Posing a question from the audience, Ms. Mortazavi asked the panellists whether the E.U. would continue their mediating and supportive role in JCPOA negotiations after Trump’s departure. Dr. Moret recognized that European governance circles have uncharacteristically hardened their stance, but viewed these shifting temperaments as par for the course. Sanctions regimes fuel conflict among their participants, adding to their ineffectiveness. Dr. Moret again highlighted the importance of wider dialogue in the public arena about why punitive sanctions are used in the first place. Dr. Parsi added that European states may be pursuing these strategies to assert their relevance and shore up a strong position before potential renegotiations begin.

Ms. Mortazavi sought additional context on regional matters from Dr. Juneau, asking how he felt regional issues might play out, in terms of other parties and talking points that may be included. Dr. Juneau was optimistic that a new nuclear deal could be realized at some point in 2021 but unsure that regional agreement on subsidiary issues like ballistic missiles, support for non-state groups and regional security architecture would arrive any time soon. Dr. Ahmadian added that Iran has been very successful in regional deterrence and many of its allies currently hold powerful positions over rivals across the Gulf. Iran, therefore, maintains a powerful negotiating position, as evidenced in talks with E3 states on Yemen and Syria. Attempts to precondition a revival of the JCPOA with compromises on subsidiary issues can not be expected to succeed. 

Addressing earlier commentary on the ineffectiveness of sanctions, Ms. Mortazavi asked Dr. Moret to offer an alternative that is in alignment with humanitarian values, especially as the world continues to struggle against the COVID-19 pandemic. Reading a question from the audience, Ms. Mortazavi also asked whether the EU should independently pursue their foreign policy interests on behalf of an audience member. Dr.
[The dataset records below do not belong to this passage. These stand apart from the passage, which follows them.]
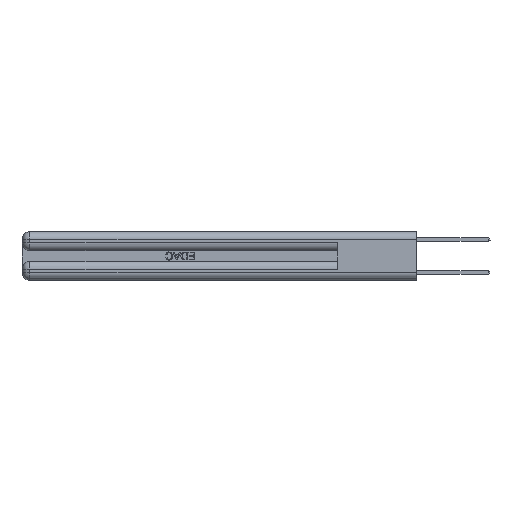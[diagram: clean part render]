
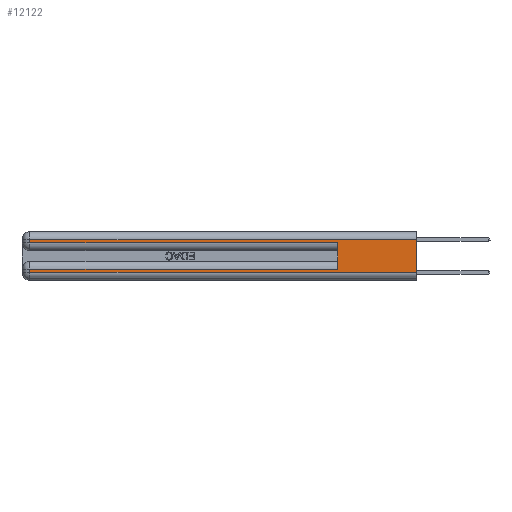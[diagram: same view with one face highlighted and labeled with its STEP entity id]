
A CAD part, left-side view. The second image highlights one B-rep face of the part: STEP entity #12122.
In plain terms, the highlighted planar face has unit normal (-1, 0, 0).
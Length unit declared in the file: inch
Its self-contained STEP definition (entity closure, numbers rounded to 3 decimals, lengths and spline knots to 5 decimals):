
#159 = CARTESIAN_POINT ( 'NONE',  ( 0., 2.94, 0.37 ) ) ;
#1840 = DIRECTION ( 'NONE',  ( 0., -1., 0. ) ) ;
#2116 = DIRECTION ( 'NONE',  ( 0., 1., 0. ) ) ;
#2978 = CARTESIAN_POINT ( 'NONE',  ( 0., 0., 0.285 ) ) ;
#3517 = VECTOR ( 'NONE', #26111, 39.37008 ) ;
#3708 = ORIENTED_EDGE ( 'NONE', *, *, #5303, .T. ) ;
#3730 = EDGE_CURVE ( 'NONE', #18620, #20975, #27559, .T. ) ;
#4450 = ORIENTED_EDGE ( 'NONE', *, *, #28834, .T. ) ;
#4956 = ORIENTED_EDGE ( 'NONE', *, *, #3730, .F. ) ;
#5303 = EDGE_CURVE ( 'NONE', #19756, #13577, #11422, .T. ) ;
#5795 = CARTESIAN_POINT ( 'NONE',  ( 0., 2.94, 0.31 ) ) ;
#6898 = VECTOR ( 'NONE', #15519, 39.37008 ) ;
#7164 = EDGE_CURVE ( 'NONE', #19826, #19756, #14748, .T. ) ;
#7222 = DIRECTION ( 'NONE',  ( 1., 0., 0. ) ) ;
#7768 = CARTESIAN_POINT ( 'NONE',  ( 0., 0.6, 0.285 ) ) ;
#8004 = LINE ( 'NONE', #22572, #20672 ) ;
#11073 = VECTOR ( 'NONE', #16482, 39.37008 ) ;
#11174 = EDGE_CURVE ( 'NONE', #24193, #13577, #8004, .T. ) ;
#11422 = LINE ( 'NONE', #15305, #14850 ) ;
#12122 = ADVANCED_FACE ( 'NONE', ( #18908 ), #23334, .F. ) ;
#12158 = DIRECTION ( 'NONE',  ( 0., 0., -1. ) ) ;
#13145 = ORIENTED_EDGE ( 'NONE', *, *, #7164, .T. ) ;
#13299 = EDGE_CURVE ( 'NONE', #18620, #19826, #31408, .T. ) ;
#13577 = VERTEX_POINT ( 'NONE', #32786 ) ;
#14748 = LINE ( 'NONE', #30093, #24421 ) ;
#14850 = VECTOR ( 'NONE', #1840, 39.37008 ) ;
#15305 = CARTESIAN_POINT ( 'NONE',  ( 0., 0., 0.06 ) ) ;
#15519 = DIRECTION ( 'NONE',  ( 0., 1., 0. ) ) ;
#16013 = VERTEX_POINT ( 'NONE', #28511 ) ;
#16149 = DIRECTION ( 'NONE',  ( 0., 0., 1. ) ) ;
#16348 = VECTOR ( 'NONE', #2116, 39.37008 ) ;
#16482 = DIRECTION ( 'NONE',  ( 0., -1., 0. ) ) ;
#18620 = VERTEX_POINT ( 'NONE', #21579 ) ;
#18908 = FACE_OUTER_BOUND ( 'NONE', #25288, .T. ) ;
#18922 = CARTESIAN_POINT ( 'NONE',  ( 0., 0.6, 0.145 ) ) ;
#19756 = VERTEX_POINT ( 'NONE', #27786 ) ;
#19826 = VERTEX_POINT ( 'NONE', #28006 ) ;
#20258 = DIRECTION ( 'NONE',  ( 0., 0., -1. ) ) ;
#20407 = CARTESIAN_POINT ( 'NONE',  ( 0., 0., 0.085 ) ) ;
#20413 = CARTESIAN_POINT ( 'NONE',  ( 0., 0., 0.37 ) ) ;
#20672 = VECTOR ( 'NONE', #20258, 39.37008 ) ;
#20958 = AXIS2_PLACEMENT_3D ( 'NONE', #20413, #7222, #12158 ) ;
#20975 = VERTEX_POINT ( 'NONE', #7768 ) ;
#21213 = LINE ( 'NONE', #31557, #6898 ) ;
#21248 = VECTOR ( 'NONE', #16149, 39.37008 ) ;
#21579 = CARTESIAN_POINT ( 'NONE',  ( 0., 0.6, 0.085 ) ) ;
#21631 = LINE ( 'NONE', #2978, #11073 ) ;
#21784 = EDGE_CURVE ( 'NONE', #16013, #20975, #21631, .T. ) ;
#22572 = CARTESIAN_POINT ( 'NONE',  ( 0., 0., 0.37 ) ) ;
#23334 = PLANE ( 'NONE',  #20958 ) ;
#24008 = CARTESIAN_POINT ( 'NONE',  ( 0., 0., 0.31 ) ) ;
#24116 = ORIENTED_EDGE ( 'NONE', *, *, #21784, .T. ) ;
#24193 = VERTEX_POINT ( 'NONE', #24008 ) ;
#24421 = VECTOR ( 'NONE', #24862, 39.37008 ) ;
#24862 = DIRECTION ( 'NONE',  ( 0., 0., -1. ) ) ;
#24927 = LINE ( 'NONE', #159, #3517 ) ;
#25288 = EDGE_LOOP ( 'NONE', ( #30430, #29115, #4450, #24116, #4956, #27452, #13145, #3708 ) ) ;
#26111 = DIRECTION ( 'NONE',  ( 0., 0., -1. ) ) ;
#26131 = VERTEX_POINT ( 'NONE', #5795 ) ;
#27452 = ORIENTED_EDGE ( 'NONE', *, *, #13299, .T. ) ;
#27543 = EDGE_CURVE ( 'NONE', #24193, #26131, #21213, .T. ) ;
#27559 = LINE ( 'NONE', #18922, #21248 ) ;
#27786 = CARTESIAN_POINT ( 'NONE',  ( 0., 2.94, 0.06 ) ) ;
#28006 = CARTESIAN_POINT ( 'NONE',  ( 0., 2.94, 0.085 ) ) ;
#28511 = CARTESIAN_POINT ( 'NONE',  ( 0., 2.94, 0.285 ) ) ;
#28834 = EDGE_CURVE ( 'NONE', #26131, #16013, #24927, .T. ) ;
#29115 = ORIENTED_EDGE ( 'NONE', *, *, #27543, .T. ) ;
#30093 = CARTESIAN_POINT ( 'NONE',  ( 0., 2.94, 0.37 ) ) ;
#30430 = ORIENTED_EDGE ( 'NONE', *, *, #11174, .F. ) ;
#31408 = LINE ( 'NONE', #20407, #16348 ) ;
#31557 = CARTESIAN_POINT ( 'NONE',  ( 0., 0., 0.31 ) ) ;
#32786 = CARTESIAN_POINT ( 'NONE',  ( 0., 0., 0.06 ) ) ;

Moret revealed that she is not an absolute opponent of sanctions, however, they must respect the core values that informed their creation as a tool of international relations and be accompanied by rigid measures that target their impact. For example, asset freezes, travel bans or arms can be imposed uncontroversially—when sanctions are broadened in ways that impact people and whole economies, creating sharp declines in access to hard currency, their effectiveness is lost. These scenarios make life hard for vulnerable groups such as women, children, those with disabilities or people on fixed incomes. Bearing this in mind, sanctions should be used very judiciously—in the Iranian case and all others—combined more strategically with diplomacy and a host of other policy tools. Dr. Moret treated the audience question about pursuing a more independent E.U. foreign policy strategy by extension, noting that the Trumpian approach to sanctions has been very problematic for Europeans and most other American allies around the world. She expressed that a critical tipping point has been reached within the international community, and trust must be restored before the E.U. states can be expected to align foreign policy strategies with the U.S. After a round of concluding remarks, the panel discussion closed at 1:30 PM EST.